*Work item*
Filter the records below and copy every line containing the word "WALL".

Stored items
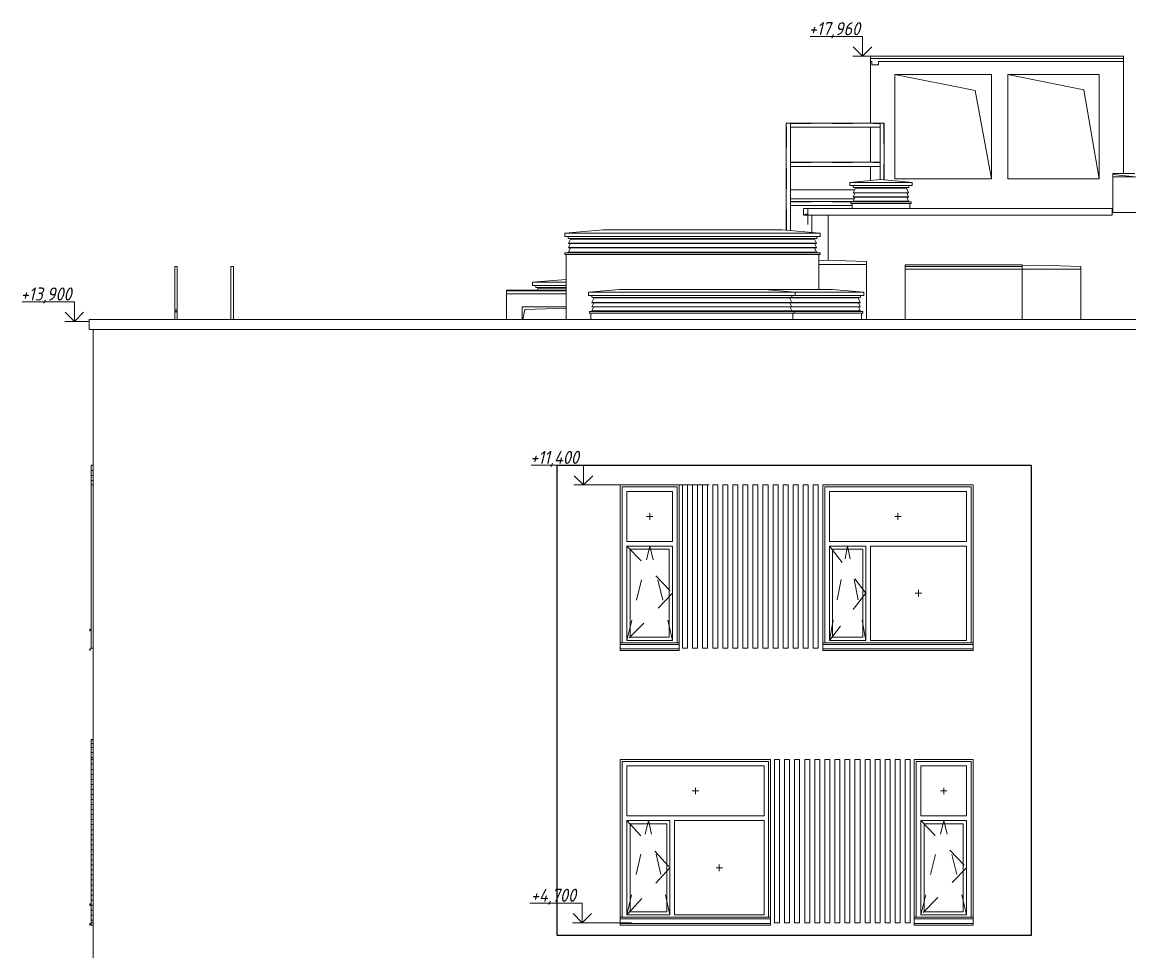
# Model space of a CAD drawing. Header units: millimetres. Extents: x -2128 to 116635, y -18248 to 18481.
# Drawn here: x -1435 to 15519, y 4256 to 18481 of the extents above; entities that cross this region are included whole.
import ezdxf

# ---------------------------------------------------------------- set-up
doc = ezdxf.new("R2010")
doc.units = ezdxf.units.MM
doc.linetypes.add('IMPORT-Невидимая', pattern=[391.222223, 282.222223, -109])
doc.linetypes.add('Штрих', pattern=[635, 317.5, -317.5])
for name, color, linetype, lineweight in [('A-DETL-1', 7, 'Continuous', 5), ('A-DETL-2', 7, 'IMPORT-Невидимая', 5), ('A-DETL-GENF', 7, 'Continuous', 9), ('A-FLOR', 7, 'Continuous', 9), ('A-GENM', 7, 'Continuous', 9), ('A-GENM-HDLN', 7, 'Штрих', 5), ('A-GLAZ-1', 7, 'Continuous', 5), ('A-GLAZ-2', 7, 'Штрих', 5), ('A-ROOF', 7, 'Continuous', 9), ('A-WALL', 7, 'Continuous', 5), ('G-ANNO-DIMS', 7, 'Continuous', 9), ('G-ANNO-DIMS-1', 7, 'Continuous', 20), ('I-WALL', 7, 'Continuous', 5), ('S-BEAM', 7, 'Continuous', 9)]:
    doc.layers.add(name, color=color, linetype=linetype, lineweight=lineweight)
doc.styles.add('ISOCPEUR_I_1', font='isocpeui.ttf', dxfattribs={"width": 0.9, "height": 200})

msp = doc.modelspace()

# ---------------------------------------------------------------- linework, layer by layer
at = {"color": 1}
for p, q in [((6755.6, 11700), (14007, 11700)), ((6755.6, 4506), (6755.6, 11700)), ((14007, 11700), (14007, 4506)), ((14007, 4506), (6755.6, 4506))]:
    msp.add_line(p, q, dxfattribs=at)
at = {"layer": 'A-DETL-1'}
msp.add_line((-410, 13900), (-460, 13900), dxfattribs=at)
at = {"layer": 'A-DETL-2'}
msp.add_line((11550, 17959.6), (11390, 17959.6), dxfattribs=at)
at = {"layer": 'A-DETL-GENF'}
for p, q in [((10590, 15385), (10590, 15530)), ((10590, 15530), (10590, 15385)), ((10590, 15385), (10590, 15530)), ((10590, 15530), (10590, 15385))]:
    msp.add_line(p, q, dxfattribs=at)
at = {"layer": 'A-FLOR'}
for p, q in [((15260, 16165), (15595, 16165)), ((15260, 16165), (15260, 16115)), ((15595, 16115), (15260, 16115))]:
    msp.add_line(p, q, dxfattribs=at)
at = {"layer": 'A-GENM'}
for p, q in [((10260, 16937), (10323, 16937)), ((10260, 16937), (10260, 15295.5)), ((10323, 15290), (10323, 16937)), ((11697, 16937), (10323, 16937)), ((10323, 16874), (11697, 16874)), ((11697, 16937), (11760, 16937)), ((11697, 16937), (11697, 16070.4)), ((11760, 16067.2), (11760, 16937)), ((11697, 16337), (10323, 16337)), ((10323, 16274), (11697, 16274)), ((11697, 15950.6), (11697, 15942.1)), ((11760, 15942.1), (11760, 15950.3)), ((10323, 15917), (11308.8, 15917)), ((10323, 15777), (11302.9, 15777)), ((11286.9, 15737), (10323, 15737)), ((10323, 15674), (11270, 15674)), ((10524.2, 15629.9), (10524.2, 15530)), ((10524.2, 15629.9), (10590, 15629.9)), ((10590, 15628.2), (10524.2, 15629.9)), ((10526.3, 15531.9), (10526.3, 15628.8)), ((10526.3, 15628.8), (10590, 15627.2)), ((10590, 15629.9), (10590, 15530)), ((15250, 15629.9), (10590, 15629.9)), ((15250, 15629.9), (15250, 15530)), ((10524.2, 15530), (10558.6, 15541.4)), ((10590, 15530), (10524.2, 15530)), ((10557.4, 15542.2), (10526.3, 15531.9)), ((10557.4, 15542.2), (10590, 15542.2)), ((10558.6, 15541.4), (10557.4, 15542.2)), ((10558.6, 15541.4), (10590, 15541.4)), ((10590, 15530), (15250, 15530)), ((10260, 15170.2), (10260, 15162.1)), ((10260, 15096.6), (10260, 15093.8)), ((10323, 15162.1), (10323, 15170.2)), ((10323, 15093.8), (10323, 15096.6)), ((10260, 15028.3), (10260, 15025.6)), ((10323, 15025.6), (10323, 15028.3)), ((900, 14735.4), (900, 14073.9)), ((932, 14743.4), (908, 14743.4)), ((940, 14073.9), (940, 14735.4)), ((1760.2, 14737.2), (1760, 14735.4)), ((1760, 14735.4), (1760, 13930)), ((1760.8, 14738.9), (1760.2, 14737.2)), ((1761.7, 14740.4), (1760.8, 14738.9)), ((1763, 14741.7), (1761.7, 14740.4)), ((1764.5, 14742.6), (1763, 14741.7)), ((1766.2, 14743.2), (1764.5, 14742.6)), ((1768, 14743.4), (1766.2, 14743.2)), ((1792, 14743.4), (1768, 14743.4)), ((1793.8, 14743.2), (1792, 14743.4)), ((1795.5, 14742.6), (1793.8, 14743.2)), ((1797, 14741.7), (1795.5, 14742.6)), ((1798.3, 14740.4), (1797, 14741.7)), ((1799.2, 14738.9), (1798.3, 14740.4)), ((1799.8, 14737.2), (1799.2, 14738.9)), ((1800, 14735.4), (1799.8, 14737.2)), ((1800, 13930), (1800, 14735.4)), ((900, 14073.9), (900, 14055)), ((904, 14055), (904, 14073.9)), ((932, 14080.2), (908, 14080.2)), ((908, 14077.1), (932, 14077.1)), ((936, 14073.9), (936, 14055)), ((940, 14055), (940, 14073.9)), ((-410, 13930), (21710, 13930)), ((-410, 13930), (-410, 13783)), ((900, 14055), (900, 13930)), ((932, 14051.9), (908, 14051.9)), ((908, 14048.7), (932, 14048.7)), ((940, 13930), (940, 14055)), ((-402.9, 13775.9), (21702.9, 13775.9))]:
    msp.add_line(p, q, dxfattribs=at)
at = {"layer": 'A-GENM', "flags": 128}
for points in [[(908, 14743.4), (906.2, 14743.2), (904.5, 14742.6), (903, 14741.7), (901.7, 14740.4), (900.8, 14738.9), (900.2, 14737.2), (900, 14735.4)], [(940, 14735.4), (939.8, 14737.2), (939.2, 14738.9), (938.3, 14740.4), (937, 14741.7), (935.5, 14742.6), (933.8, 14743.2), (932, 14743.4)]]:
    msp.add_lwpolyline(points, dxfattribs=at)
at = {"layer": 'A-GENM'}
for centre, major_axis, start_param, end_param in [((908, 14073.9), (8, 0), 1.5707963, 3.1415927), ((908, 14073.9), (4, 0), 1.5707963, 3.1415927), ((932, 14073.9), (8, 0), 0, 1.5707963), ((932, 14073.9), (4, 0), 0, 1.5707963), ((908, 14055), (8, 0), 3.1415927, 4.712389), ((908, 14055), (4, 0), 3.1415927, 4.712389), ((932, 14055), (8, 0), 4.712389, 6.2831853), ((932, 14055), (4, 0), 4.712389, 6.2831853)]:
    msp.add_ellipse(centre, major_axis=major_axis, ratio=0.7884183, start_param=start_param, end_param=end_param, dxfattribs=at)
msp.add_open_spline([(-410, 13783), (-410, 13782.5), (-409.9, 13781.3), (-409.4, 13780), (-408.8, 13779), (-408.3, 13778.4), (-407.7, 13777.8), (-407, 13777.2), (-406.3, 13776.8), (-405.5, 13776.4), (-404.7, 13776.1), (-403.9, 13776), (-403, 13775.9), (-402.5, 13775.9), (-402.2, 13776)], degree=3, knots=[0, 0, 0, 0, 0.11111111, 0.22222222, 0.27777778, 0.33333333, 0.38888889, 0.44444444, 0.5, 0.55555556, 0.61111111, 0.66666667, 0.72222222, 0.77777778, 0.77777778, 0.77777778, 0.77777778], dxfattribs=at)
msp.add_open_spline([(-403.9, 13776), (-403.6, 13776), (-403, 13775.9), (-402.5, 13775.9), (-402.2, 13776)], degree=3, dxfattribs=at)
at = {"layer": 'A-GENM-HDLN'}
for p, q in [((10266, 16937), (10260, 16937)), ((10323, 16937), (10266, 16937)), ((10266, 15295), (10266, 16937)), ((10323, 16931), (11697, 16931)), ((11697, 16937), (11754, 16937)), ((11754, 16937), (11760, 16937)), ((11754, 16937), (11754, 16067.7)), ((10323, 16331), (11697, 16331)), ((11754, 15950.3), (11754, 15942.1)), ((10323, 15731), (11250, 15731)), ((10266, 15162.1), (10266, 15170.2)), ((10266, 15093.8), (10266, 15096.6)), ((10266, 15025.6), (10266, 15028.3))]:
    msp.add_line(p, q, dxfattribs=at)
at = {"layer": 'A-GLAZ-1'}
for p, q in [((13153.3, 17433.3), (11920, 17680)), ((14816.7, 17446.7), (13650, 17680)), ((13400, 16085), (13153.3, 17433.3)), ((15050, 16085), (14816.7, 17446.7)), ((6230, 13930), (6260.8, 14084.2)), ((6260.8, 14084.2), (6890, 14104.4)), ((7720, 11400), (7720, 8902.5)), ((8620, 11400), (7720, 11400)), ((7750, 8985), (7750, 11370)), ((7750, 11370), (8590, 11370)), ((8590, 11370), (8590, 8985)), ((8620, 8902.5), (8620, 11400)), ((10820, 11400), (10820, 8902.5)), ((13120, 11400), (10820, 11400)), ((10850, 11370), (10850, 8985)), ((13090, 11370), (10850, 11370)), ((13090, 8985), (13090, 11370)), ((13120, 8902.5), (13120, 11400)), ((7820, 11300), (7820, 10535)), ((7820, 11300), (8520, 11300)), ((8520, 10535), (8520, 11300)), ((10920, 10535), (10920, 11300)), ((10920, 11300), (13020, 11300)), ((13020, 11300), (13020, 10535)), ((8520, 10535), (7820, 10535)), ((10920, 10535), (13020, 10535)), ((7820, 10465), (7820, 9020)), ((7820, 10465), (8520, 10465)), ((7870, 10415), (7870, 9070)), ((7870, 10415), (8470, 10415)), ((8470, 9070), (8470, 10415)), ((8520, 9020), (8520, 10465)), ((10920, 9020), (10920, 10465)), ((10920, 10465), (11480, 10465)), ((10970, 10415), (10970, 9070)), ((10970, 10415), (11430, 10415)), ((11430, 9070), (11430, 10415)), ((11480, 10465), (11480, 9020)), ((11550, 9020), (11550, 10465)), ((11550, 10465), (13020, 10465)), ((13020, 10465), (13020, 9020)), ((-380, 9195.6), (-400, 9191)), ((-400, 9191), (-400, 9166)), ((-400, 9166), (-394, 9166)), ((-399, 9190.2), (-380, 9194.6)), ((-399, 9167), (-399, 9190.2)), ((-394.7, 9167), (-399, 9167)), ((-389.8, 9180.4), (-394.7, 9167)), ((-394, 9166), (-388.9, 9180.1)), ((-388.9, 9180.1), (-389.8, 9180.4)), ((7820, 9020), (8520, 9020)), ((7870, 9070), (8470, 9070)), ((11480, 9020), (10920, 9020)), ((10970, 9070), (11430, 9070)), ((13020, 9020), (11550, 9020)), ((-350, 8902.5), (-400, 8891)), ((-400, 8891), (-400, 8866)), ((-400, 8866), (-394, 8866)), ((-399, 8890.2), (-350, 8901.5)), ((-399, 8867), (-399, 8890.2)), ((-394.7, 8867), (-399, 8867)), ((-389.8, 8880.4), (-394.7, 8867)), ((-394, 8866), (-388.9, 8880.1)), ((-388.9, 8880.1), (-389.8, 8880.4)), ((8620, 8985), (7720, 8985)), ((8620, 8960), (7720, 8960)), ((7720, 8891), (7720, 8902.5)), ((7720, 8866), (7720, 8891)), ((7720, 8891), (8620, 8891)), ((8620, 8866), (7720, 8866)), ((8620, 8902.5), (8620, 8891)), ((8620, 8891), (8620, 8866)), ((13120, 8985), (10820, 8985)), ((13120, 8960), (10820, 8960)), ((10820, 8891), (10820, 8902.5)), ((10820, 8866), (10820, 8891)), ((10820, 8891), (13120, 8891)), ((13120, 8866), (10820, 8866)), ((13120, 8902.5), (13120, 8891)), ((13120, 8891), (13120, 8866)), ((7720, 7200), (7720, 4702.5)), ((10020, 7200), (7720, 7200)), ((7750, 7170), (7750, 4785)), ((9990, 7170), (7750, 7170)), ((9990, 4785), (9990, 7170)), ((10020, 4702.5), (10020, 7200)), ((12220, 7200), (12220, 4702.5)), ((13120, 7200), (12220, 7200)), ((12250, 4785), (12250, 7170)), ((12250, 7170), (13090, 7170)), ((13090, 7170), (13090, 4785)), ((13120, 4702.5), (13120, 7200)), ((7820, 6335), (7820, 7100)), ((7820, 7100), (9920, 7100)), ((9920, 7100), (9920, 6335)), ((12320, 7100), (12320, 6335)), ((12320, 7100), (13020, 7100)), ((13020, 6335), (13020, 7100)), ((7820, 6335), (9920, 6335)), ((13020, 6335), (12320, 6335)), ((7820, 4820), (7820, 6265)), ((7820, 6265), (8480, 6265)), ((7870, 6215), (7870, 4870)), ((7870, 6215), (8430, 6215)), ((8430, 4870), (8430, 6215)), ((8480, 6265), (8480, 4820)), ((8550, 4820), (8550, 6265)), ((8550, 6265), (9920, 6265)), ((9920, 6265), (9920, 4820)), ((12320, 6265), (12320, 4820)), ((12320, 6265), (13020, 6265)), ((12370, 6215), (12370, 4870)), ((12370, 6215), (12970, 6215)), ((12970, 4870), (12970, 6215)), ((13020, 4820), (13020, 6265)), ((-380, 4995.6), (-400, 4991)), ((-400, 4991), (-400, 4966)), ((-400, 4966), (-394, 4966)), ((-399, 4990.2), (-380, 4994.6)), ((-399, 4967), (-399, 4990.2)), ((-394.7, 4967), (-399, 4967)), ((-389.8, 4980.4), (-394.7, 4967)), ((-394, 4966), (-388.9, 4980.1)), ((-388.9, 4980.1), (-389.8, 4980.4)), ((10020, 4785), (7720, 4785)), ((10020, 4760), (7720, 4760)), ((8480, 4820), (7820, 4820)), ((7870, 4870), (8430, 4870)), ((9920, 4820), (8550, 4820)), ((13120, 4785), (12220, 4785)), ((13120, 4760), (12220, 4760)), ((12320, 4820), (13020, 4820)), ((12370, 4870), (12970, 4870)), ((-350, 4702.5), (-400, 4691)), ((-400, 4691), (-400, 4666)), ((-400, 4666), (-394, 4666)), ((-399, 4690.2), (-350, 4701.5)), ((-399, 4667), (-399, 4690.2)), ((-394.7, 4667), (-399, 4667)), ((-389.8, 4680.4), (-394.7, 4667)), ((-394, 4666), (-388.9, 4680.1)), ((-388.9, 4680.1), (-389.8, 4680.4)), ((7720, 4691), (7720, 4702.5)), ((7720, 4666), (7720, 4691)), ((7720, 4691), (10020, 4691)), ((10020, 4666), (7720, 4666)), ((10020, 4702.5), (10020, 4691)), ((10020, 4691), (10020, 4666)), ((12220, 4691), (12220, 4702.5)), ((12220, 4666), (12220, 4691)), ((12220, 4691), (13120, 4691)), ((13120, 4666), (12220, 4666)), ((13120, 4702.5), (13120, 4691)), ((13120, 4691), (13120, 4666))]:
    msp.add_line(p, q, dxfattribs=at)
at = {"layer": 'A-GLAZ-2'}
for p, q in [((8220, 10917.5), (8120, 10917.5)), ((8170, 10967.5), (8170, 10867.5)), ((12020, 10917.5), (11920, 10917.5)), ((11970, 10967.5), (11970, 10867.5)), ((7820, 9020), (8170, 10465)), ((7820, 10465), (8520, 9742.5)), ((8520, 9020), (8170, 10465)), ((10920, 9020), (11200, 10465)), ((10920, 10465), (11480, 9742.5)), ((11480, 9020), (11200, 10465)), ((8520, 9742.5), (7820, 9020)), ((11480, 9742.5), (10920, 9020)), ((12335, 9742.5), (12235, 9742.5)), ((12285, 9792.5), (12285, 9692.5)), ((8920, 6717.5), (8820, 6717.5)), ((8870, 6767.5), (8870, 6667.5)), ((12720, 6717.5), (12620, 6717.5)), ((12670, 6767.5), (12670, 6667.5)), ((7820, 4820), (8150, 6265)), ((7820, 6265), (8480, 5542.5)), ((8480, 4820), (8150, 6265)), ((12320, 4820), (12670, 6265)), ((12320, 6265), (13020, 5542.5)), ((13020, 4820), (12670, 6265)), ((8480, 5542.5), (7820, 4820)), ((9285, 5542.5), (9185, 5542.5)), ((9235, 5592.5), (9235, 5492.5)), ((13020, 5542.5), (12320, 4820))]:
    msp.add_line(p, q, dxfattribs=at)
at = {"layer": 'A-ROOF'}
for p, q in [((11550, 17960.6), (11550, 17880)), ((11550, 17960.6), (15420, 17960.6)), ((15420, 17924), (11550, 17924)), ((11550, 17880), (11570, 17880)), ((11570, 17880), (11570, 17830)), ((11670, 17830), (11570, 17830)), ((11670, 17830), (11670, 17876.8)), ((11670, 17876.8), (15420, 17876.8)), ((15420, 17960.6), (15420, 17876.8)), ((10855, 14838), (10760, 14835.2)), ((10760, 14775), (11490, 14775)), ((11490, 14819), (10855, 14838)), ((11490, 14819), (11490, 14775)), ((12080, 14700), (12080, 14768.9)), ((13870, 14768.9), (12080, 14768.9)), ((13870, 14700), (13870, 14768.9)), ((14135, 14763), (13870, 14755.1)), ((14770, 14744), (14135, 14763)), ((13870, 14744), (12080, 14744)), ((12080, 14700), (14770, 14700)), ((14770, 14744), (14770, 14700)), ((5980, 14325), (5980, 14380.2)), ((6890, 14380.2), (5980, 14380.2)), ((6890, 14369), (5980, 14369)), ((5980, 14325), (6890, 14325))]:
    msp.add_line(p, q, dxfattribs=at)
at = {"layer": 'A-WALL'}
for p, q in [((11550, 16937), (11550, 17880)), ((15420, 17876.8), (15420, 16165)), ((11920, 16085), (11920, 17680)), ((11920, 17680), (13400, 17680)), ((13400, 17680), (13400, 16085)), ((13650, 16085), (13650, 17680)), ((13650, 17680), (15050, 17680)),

*Result*
for name, color, linetype, lineweight in [('A-DETL-1', 7, 'Continuous', 5), ('A-DETL-2', 7, 'IMPORT-Невидимая', 5), ('A-DETL-GENF', 7, 'Continuous', 9), ('A-FLOR', 7, 'Continuous', 9), ('A-GENM', 7, 'Continuous', 9), ('A-GENM-HDLN', 7, 'Штрих', 5), ('A-GLAZ-1', 7, 'Continuous', 5), ('A-GLAZ-2', 7, 'Штрих', 5), ('A-ROOF', 7, 'Continuous', 9), ('A-WALL', 7, 'Continuous', 5), ('G-ANNO-DIMS', 7, 'Continuous', 9), ('G-ANNO-DIMS-1', 7, 'Continuous', 20), ('I-WALL', 7, 'Continuous', 5), ('S-BEAM', 7, 'Continuous', 9)]:
at = {"layer": 'A-WALL'}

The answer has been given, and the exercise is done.